** Opening Listed entries block **
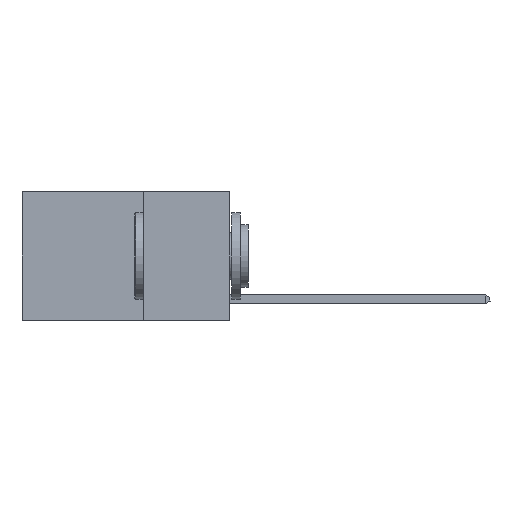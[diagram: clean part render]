
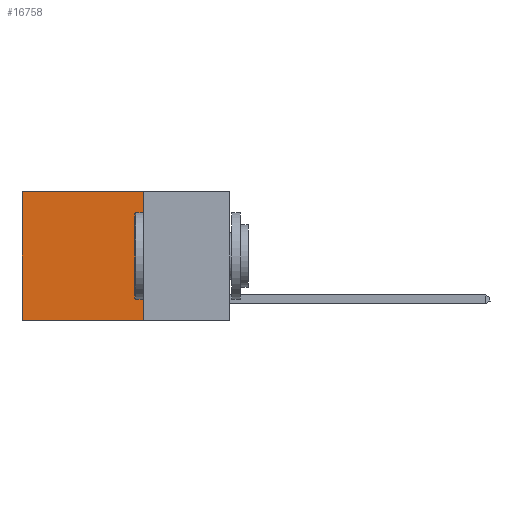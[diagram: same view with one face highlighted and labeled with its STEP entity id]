
A CAD part, left-side view. The second image highlights one B-rep face of the part: STEP entity #16758.
In plain terms, the highlighted planar face has unit normal (-1, 0, 0).
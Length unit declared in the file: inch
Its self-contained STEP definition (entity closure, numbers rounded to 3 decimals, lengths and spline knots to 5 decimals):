
#1648 = FACE_OUTER_BOUND ( 'NONE', #8207, .T. ) ;
#1806 = VERTEX_POINT ( 'NONE', #9498 ) ;
#2550 = EDGE_CURVE ( 'NONE', #1806, #15647, #6748, .T. ) ;
#4281 = DIRECTION ( 'NONE',  ( 0., 0., -1. ) ) ;
#6497 = DIRECTION ( 'NONE',  ( 1., 0., 0. ) ) ;
#6606 = VERTEX_POINT ( 'NONE', #13005 ) ;
#6748 = LINE ( 'NONE', #20703, #15650 ) ;
#7237 = CARTESIAN_POINT ( 'NONE',  ( 0.2625, 0.25, 0. ) ) ;
#7600 = EDGE_CURVE ( 'NONE', #25531, #1806, #13031, .T. ) ;
#7779 = CARTESIAN_POINT ( 'NONE',  ( 0.2625, 0.25, 0. ) ) ;
#7783 = CARTESIAN_POINT ( 'NONE',  ( 0.2625, 0.25, 0. ) ) ;
#8207 = EDGE_LOOP ( 'NONE', ( #13467, #15979, #24558, #20398 ) ) ;
#9424 = EDGE_CURVE ( 'NONE', #6606, #15647, #14335, .T. ) ;
#9498 = CARTESIAN_POINT ( 'NONE',  ( 0.2625, 0.6, 0. ) ) ;
#9904 = DIRECTION ( 'NONE',  ( 0., 0., -1. ) ) ;
#13005 = CARTESIAN_POINT ( 'NONE',  ( 0.2625, 0.25, -0.37 ) ) ;
#13031 = LINE ( 'NONE', #7237, #24252 ) ;
#13467 = ORIENTED_EDGE ( 'NONE', *, *, #2550, .T. ) ;
#13593 = DIRECTION ( 'NONE',  ( 0., 1., 0. ) ) ;
#14335 = LINE ( 'NONE', #26547, #26933 ) ;
#14512 = DIRECTION ( 'NONE',  ( 0., 0., -1. ) ) ;
#14790 = PLANE ( 'NONE',  #24139 ) ;
#15647 = VERTEX_POINT ( 'NONE', #24574 ) ;
#15650 = VECTOR ( 'NONE', #4281, 39.37008 ) ;
#15979 = ORIENTED_EDGE ( 'NONE', *, *, #9424, .F. ) ;
#16479 = VECTOR ( 'NONE', #9904, 39.37008 ) ;
#16758 = ADVANCED_FACE ( 'NONE', ( #1648 ), #14790, .F. ) ;
#16999 = DIRECTION ( 'NONE',  ( 0., 1., 0. ) ) ;
#18784 = LINE ( 'NONE', #7779, #16479 ) ;
#20398 = ORIENTED_EDGE ( 'NONE', *, *, #7600, .T. ) ;
#20703 = CARTESIAN_POINT ( 'NONE',  ( 0.2625, 0.6, 0. ) ) ;
#23117 = CARTESIAN_POINT ( 'NONE',  ( 0.2625, 0.25, 0. ) ) ;
#24139 = AXIS2_PLACEMENT_3D ( 'NONE', #23117, #6497, #14512 ) ;
#24252 = VECTOR ( 'NONE', #13593, 39.37008 ) ;
#24558 = ORIENTED_EDGE ( 'NONE', *, *, #26675, .F. ) ;
#24574 = CARTESIAN_POINT ( 'NONE',  ( 0.2625, 0.6, -0.37 ) ) ;
#25531 = VERTEX_POINT ( 'NONE', #7783 ) ;
#26547 = CARTESIAN_POINT ( 'NONE',  ( 0.2625, 0.25, -0.37 ) ) ;
#26675 = EDGE_CURVE ( 'NONE', #25531, #6606, #18784, .T. ) ;
#26933 = VECTOR ( 'NONE', #16999, 39.37008 ) ;
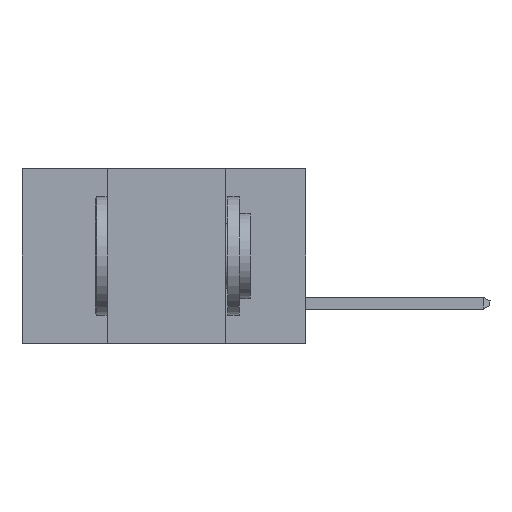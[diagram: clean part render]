
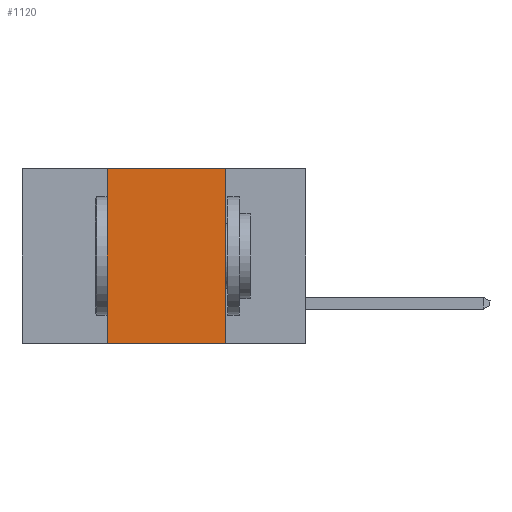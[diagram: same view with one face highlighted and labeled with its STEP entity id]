
A CAD part, left-side view. The second image highlights one B-rep face of the part: STEP entity #1120.
In plain terms, the highlighted planar face has unit normal (-1, 0, 0).
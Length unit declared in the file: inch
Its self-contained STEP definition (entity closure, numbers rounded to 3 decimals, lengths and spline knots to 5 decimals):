
#52 = VERTEX_POINT ( 'NONE', #10712 ) ;
#649 = DIRECTION ( 'NONE',  ( 1., 0., 0. ) ) ;
#971 = VERTEX_POINT ( 'NONE', #1387 ) ;
#1120 = ADVANCED_FACE ( 'NONE', ( #10016 ), #2544, .F. ) ;
#1387 = CARTESIAN_POINT ( 'NONE',  ( 0., 0.17, -0.37 ) ) ;
#1684 = DIRECTION ( 'NONE',  ( 0., -1., 0. ) ) ;
#2269 = LINE ( 'NONE', #7412, #8734 ) ;
#2517 = LINE ( 'NONE', #13045, #13194 ) ;
#2544 = PLANE ( 'NONE',  #10832 ) ;
#2933 = VECTOR ( 'NONE', #1684, 39.37008 ) ;
#2982 = EDGE_CURVE ( 'NONE', #52, #971, #2269, .T. ) ;
#3076 = EDGE_LOOP ( 'NONE', ( #5240, #11916, #9877, #9556 ) ) ;
#3956 = CARTESIAN_POINT ( 'NONE',  ( 0., 0.6, 0. ) ) ;
#4906 = LINE ( 'NONE', #3956, #2933 ) ;
#5240 = ORIENTED_EDGE ( 'NONE', *, *, #10038, .F. ) ;
#5654 = LINE ( 'NONE', #9830, #6287 ) ;
#6287 = VECTOR ( 'NONE', #11876, 39.37008 ) ;
#6499 = CARTESIAN_POINT ( 'NONE',  ( 0., 0.42, 0. ) ) ;
#7340 = EDGE_CURVE ( 'NONE', #52, #9888, #5654, .T. ) ;
#7412 = CARTESIAN_POINT ( 'NONE',  ( 0., 0.6, -0.37 ) ) ;
#8430 = VERTEX_POINT ( 'NONE', #12180 ) ;
#8734 = VECTOR ( 'NONE', #10676, 39.37008 ) ;
#8987 = DIRECTION ( 'NONE',  ( 0., 0., -1. ) ) ;
#9556 = ORIENTED_EDGE ( 'NONE', *, *, #2982, .T. ) ;
#9830 = CARTESIAN_POINT ( 'NONE',  ( 0., 0.42, -0.37 ) ) ;
#9877 = ORIENTED_EDGE ( 'NONE', *, *, #7340, .F. ) ;
#9888 = VERTEX_POINT ( 'NONE', #6499 ) ;
#10016 = FACE_OUTER_BOUND ( 'NONE', #3076, .T. ) ;
#10038 = EDGE_CURVE ( 'NONE', #8430, #971, #2517, .T. ) ;
#10676 = DIRECTION ( 'NONE',  ( 0., -1., 0. ) ) ;
#10712 = CARTESIAN_POINT ( 'NONE',  ( 0., 0.42, -0.37 ) ) ;
#10832 = AXIS2_PLACEMENT_3D ( 'NONE', #10956, #649, #8987 ) ;
#10956 = CARTESIAN_POINT ( 'NONE',  ( 0., 0.6, 0. ) ) ;
#11278 = EDGE_CURVE ( 'NONE', #9888, #8430, #4906, .T. ) ;
#11876 = DIRECTION ( 'NONE',  ( 0., 0., 1. ) ) ;
#11916 = ORIENTED_EDGE ( 'NONE', *, *, #11278, .F. ) ;
#12180 = CARTESIAN_POINT ( 'NONE',  ( 0., 0.17, 0. ) ) ;
#12844 = DIRECTION ( 'NONE',  ( 0., 0., -1. ) ) ;
#13045 = CARTESIAN_POINT ( 'NONE',  ( 0., 0.17, -0.37 ) ) ;
#13194 = VECTOR ( 'NONE', #12844, 39.37008 ) ;
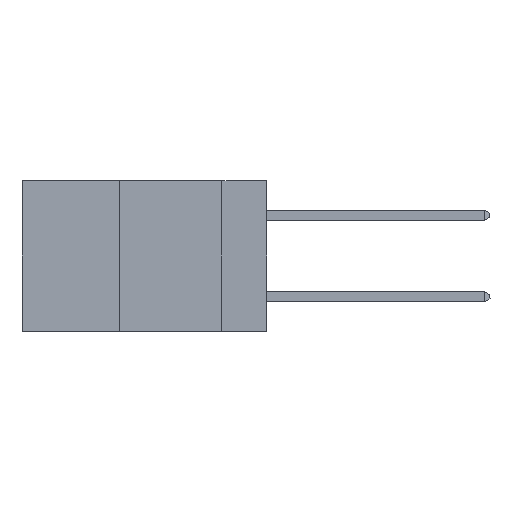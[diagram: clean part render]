
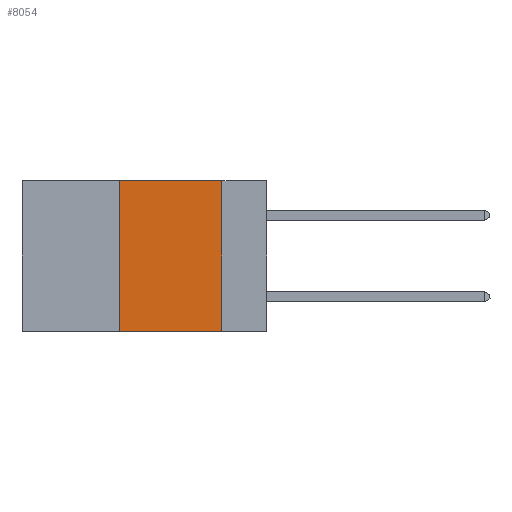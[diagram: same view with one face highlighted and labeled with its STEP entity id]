
A CAD part, left-side view. The second image highlights one B-rep face of the part: STEP entity #8054.
In plain terms, the highlighted planar face has unit normal (-1, 0, 0).
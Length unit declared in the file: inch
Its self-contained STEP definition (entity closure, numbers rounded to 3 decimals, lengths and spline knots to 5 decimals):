
#426 = DIRECTION ( 'NONE',  ( 0., 0., -1. ) ) ;
#715 = CARTESIAN_POINT ( 'NONE',  ( 0., 0.11, -0.37 ) ) ;
#1057 = EDGE_CURVE ( 'NONE', #1913, #4877, #14940, .T. ) ;
#1690 = EDGE_CURVE ( 'NONE', #4877, #3811, #3547, .T. ) ;
#1913 = VERTEX_POINT ( 'NONE', #14376 ) ;
#2170 = LINE ( 'NONE', #7920, #9557 ) ;
#3504 = ORIENTED_EDGE ( 'NONE', *, *, #16851, .F. ) ;
#3547 = LINE ( 'NONE', #11523, #8008 ) ;
#3566 = ORIENTED_EDGE ( 'NONE', *, *, #4415, .T. ) ;
#3811 = VERTEX_POINT ( 'NONE', #7795 ) ;
#4415 = EDGE_CURVE ( 'NONE', #1913, #17232, #2170, .T. ) ;
#4729 = CARTESIAN_POINT ( 'NONE',  ( 0., 0.36, 0. ) ) ;
#4877 = VERTEX_POINT ( 'NONE', #16608 ) ;
#6080 = EDGE_LOOP ( 'NONE', ( #3504, #8462, #12007, #3566 ) ) ;
#6786 = VECTOR ( 'NONE', #11803, 39.37008 ) ;
#6839 = DIRECTION ( 'NONE',  ( 0., 0., -1. ) ) ;
#7003 = DIRECTION ( 'NONE',  ( 1., 0., 0. ) ) ;
#7358 = DIRECTION ( 'NONE',  ( 0., -1., 0. ) ) ;
#7761 = VECTOR ( 'NONE', #6839, 39.37008 ) ;
#7795 = CARTESIAN_POINT ( 'NONE',  ( 0., 0.11, 0. ) ) ;
#7920 = CARTESIAN_POINT ( 'NONE',  ( 0., 0.6, -0.37 ) ) ;
#8008 = VECTOR ( 'NONE', #7358, 39.37008 ) ;
#8054 = ADVANCED_FACE ( 'NONE', ( #17400 ), #11110, .F. ) ;
#8462 = ORIENTED_EDGE ( 'NONE', *, *, #1690, .F. ) ;
#9202 = LINE ( 'NONE', #13514, #7761 ) ;
#9557 = VECTOR ( 'NONE', #17283, 39.37008 ) ;
#11110 = PLANE ( 'NONE',  #16988 ) ;
#11523 = CARTESIAN_POINT ( 'NONE',  ( 0., 0.6, 0. ) ) ;
#11803 = DIRECTION ( 'NONE',  ( 0., 0., 1. ) ) ;
#12007 = ORIENTED_EDGE ( 'NONE', *, *, #1057, .F. ) ;
#13514 = CARTESIAN_POINT ( 'NONE',  ( 0., 0.11, 0. ) ) ;
#13681 = CARTESIAN_POINT ( 'NONE',  ( 0., 0.6, 0. ) ) ;
#14376 = CARTESIAN_POINT ( 'NONE',  ( 0., 0.36, -0.37 ) ) ;
#14940 = LINE ( 'NONE', #4729, #6786 ) ;
#16608 = CARTESIAN_POINT ( 'NONE',  ( 0., 0.36, 0. ) ) ;
#16851 = EDGE_CURVE ( 'NONE', #3811, #17232, #9202, .T. ) ;
#16988 = AXIS2_PLACEMENT_3D ( 'NONE', #13681, #7003, #426 ) ;
#17232 = VERTEX_POINT ( 'NONE', #715 ) ;
#17283 = DIRECTION ( 'NONE',  ( 0., -1., 0. ) ) ;
#17400 = FACE_OUTER_BOUND ( 'NONE', #6080, .T. ) ;
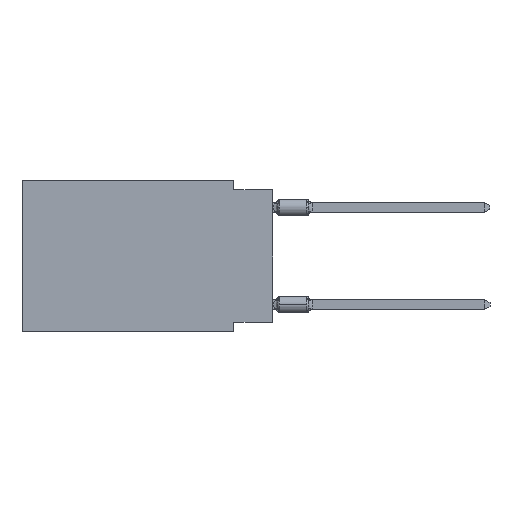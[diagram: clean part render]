
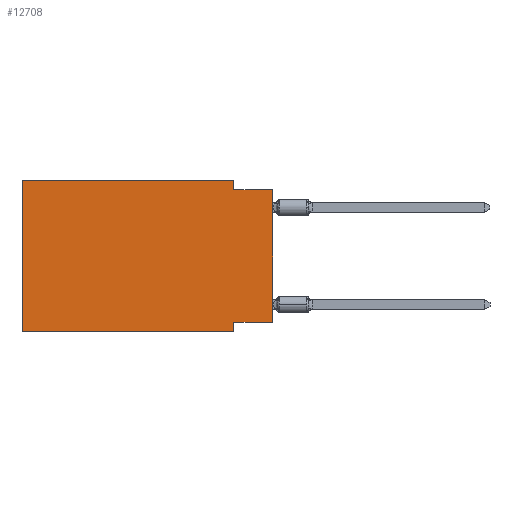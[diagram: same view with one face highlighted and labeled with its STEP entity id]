
A CAD part, left-side view. The second image highlights one B-rep face of the part: STEP entity #12708.
In plain terms, the highlighted planar face has unit normal (-1, 0, 0).
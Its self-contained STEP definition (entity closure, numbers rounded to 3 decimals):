
#513 = EDGE_CURVE ( 'NONE', #17368, #19721, #22885, .T. ) ;
#869 = CARTESIAN_POINT ( 'NONE',  ( 0., 16.383, 0. ) ) ;
#1002 = DIRECTION ( 'NONE',  ( 0., 0., 1. ) ) ;
#1230 = VECTOR ( 'NONE', #25586, 1000. ) ;
#2068 = EDGE_CURVE ( 'NONE', #23260, #4025, #18281, .T. ) ;
#2186 = DIRECTION ( 'NONE',  ( 1., 0., 0. ) ) ;
#2724 = CARTESIAN_POINT ( 'NONE',  ( 0., 2.54, 0. ) ) ;
#2997 = ORIENTED_EDGE ( 'NONE', *, *, #25410, .F. ) ;
#4025 = VERTEX_POINT ( 'NONE', #17968 ) ;
#4111 = LINE ( 'NONE', #10256, #4567 ) ;
#4282 = VECTOR ( 'NONE', #11578, 1000. ) ;
#4361 = CARTESIAN_POINT ( 'NONE',  ( 0., 2.54, -0.635 ) ) ;
#4567 = VECTOR ( 'NONE', #23492, 1000. ) ;
#4575 = ORIENTED_EDGE ( 'NONE', *, *, #14385, .T. ) ;
#4604 = CARTESIAN_POINT ( 'NONE',  ( 0., 2.54, -9.271 ) ) ;
#4703 = VERTEX_POINT ( 'NONE', #11965 ) ;
#5139 = DIRECTION ( 'NONE',  ( 0., 0., -1. ) ) ;
#6246 = VERTEX_POINT ( 'NONE', #21931 ) ;
#9059 = FACE_OUTER_BOUND ( 'NONE', #10730, .T. ) ;
#9452 = VECTOR ( 'NONE', #5139, 1000. ) ;
#9868 = LINE ( 'NONE', #869, #24799 ) ;
#9908 = DIRECTION ( 'NONE',  ( 0., -1., 0. ) ) ;
#10200 = LINE ( 'NONE', #23435, #1230 ) ;
#10208 = DIRECTION ( 'NONE',  ( 0., 0., -1. ) ) ;
#10223 = EDGE_CURVE ( 'NONE', #6246, #23260, #9868, .T. ) ;
#10256 = CARTESIAN_POINT ( 'NONE',  ( 0., 16.383, -9.906 ) ) ;
#10266 = DIRECTION ( 'NONE',  ( 0., -1., 0. ) ) ;
#10339 = VECTOR ( 'NONE', #10208, 1000. ) ;
#10483 = VERTEX_POINT ( 'NONE', #14302 ) ;
#10634 = DIRECTION ( 'NONE',  ( 0., 0., -1. ) ) ;
#10730 = EDGE_LOOP ( 'NONE', ( #4575, #2997, #20758, #11132, #13029, #19787, #27875, #10860 ) ) ;
#10860 = ORIENTED_EDGE ( 'NONE', *, *, #18587, .F. ) ;
#11132 = ORIENTED_EDGE ( 'NONE', *, *, #2068, .F. ) ;
#11578 = DIRECTION ( 'NONE',  ( 0., 1., 0. ) ) ;
#11843 = CARTESIAN_POINT ( 'NONE',  ( 0., 0., -9.271 ) ) ;
#11965 = CARTESIAN_POINT ( 'NONE',  ( 0., 0., -9.271 ) ) ;
#12708 = ADVANCED_FACE ( 'NONE', ( #9059 ), #21699, .F. ) ;
#13029 = ORIENTED_EDGE ( 'NONE', *, *, #10223, .F. ) ;
#14007 = LINE ( 'NONE', #11843, #4282 ) ;
#14249 = CARTESIAN_POINT ( 'NONE',  ( 0., 2.54, -9.906 ) ) ;
#14302 = CARTESIAN_POINT ( 'NONE',  ( 0., 0., -0.635 ) ) ;
#14385 = EDGE_CURVE ( 'NONE', #4703, #10483, #10200, .T. ) ;
#17368 = VERTEX_POINT ( 'NONE', #4604 ) ;
#17968 = CARTESIAN_POINT ( 'NONE',  ( 0., 2.54, 0. ) ) ;
#18281 = LINE ( 'NONE', #18411, #27387 ) ;
#18339 = LINE ( 'NONE', #2724, #9452 ) ;
#18411 = CARTESIAN_POINT ( 'NONE',  ( 0., 16.383, 0. ) ) ;
#18587 = EDGE_CURVE ( 'NONE', #4703, #17368, #14007, .T. ) ;
#18900 = LINE ( 'NONE', #21047, #22762 ) ;
#19688 = CARTESIAN_POINT ( 'NONE',  ( 0., 16.383, 0. ) ) ;
#19721 = VERTEX_POINT ( 'NONE', #22680 ) ;
#19787 = ORIENTED_EDGE ( 'NONE', *, *, #23809, .T. ) ;
#20547 = CARTESIAN_POINT ( 'NONE',  ( 0., 16.383, 0. ) ) ;
#20758 = ORIENTED_EDGE ( 'NONE', *, *, #21326, .F. ) ;
#21047 = CARTESIAN_POINT ( 'NONE',  ( 0., 0., -0.635 ) ) ;
#21326 = EDGE_CURVE ( 'NONE', #4025, #24371, #18339, .T. ) ;
#21699 = PLANE ( 'NONE',  #28205 ) ;
#21931 = CARTESIAN_POINT ( 'NONE',  ( 0., 16.383, -9.906 ) ) ;
#22680 = CARTESIAN_POINT ( 'NONE',  ( 0., 2.54, -9.906 ) ) ;
#22762 = VECTOR ( 'NONE', #10266, 1000. ) ;
#22885 = LINE ( 'NONE', #14249, #10339 ) ;
#23260 = VERTEX_POINT ( 'NONE', #20547 ) ;
#23435 = CARTESIAN_POINT ( 'NONE',  ( 0., 0., 0. ) ) ;
#23492 = DIRECTION ( 'NONE',  ( 0., -1., 0. ) ) ;
#23809 = EDGE_CURVE ( 'NONE', #6246, #19721, #4111, .T. ) ;
#24371 = VERTEX_POINT ( 'NONE', #4361 ) ;
#24799 = VECTOR ( 'NONE', #1002, 1000. ) ;
#25410 = EDGE_CURVE ( 'NONE', #24371, #10483, #18900, .T. ) ;
#25586 = DIRECTION ( 'NONE',  ( 0., 0., 1. ) ) ;
#27387 = VECTOR ( 'NONE', #9908, 1000. ) ;
#27875 = ORIENTED_EDGE ( 'NONE', *, *, #513, .F. ) ;
#28205 = AXIS2_PLACEMENT_3D ( 'NONE', #19688, #2186, #10634 ) ;
** Closing Listed entries block **
Work item → What you give back must match the lines from the start of the records through the line that contains "#8207 = EDGE_LOOP", exactly, with the pictures left out.

Your response →
[diagram: clean part render]
[diagram: same view with one face highlighted and labeled with its STEP entity id]
A CAD part, left-side view. The second image highlights one B-rep face of the part: STEP entity #16758.
In plain terms, the highlighted planar face has unit normal (-1, 0, 0).
Length unit declared in the file: inch
Its self-contained STEP definition (entity closure, numbers rounded to 3 decimals, lengths and spline knots to 5 decimals):
#1648 = FACE_OUTER_BOUND ( 'NONE', #8207, .T. ) ;
#1806 = VERTEX_POINT ( 'NONE', #9498 ) ;
#2550 = EDGE_CURVE ( 'NONE', #1806, #15647, #6748, .T. ) ;
#4281 = DIRECTION ( 'NONE',  ( 0., 0., -1. ) ) ;
#6497 = DIRECTION ( 'NONE',  ( 1., 0., 0. ) ) ;
#6606 = VERTEX_POINT ( 'NONE', #13005 ) ;
#6748 = LINE ( 'NONE', #20703, #15650 ) ;
#7237 = CARTESIAN_POINT ( 'NONE',  ( 0.2625, 0.25, 0. ) ) ;
#7600 = EDGE_CURVE ( 'NONE', #25531, #1806, #13031, .T. ) ;
#7779 = CARTESIAN_POINT ( 'NONE',  ( 0.2625, 0.25, 0. ) ) ;
#7783 = CARTESIAN_POINT ( 'NONE',  ( 0.2625, 0.25, 0. ) ) ;
#8207 = EDGE_LOOP ( 'NONE', ( #13467, #15979, #24558, #20398 ) ) ;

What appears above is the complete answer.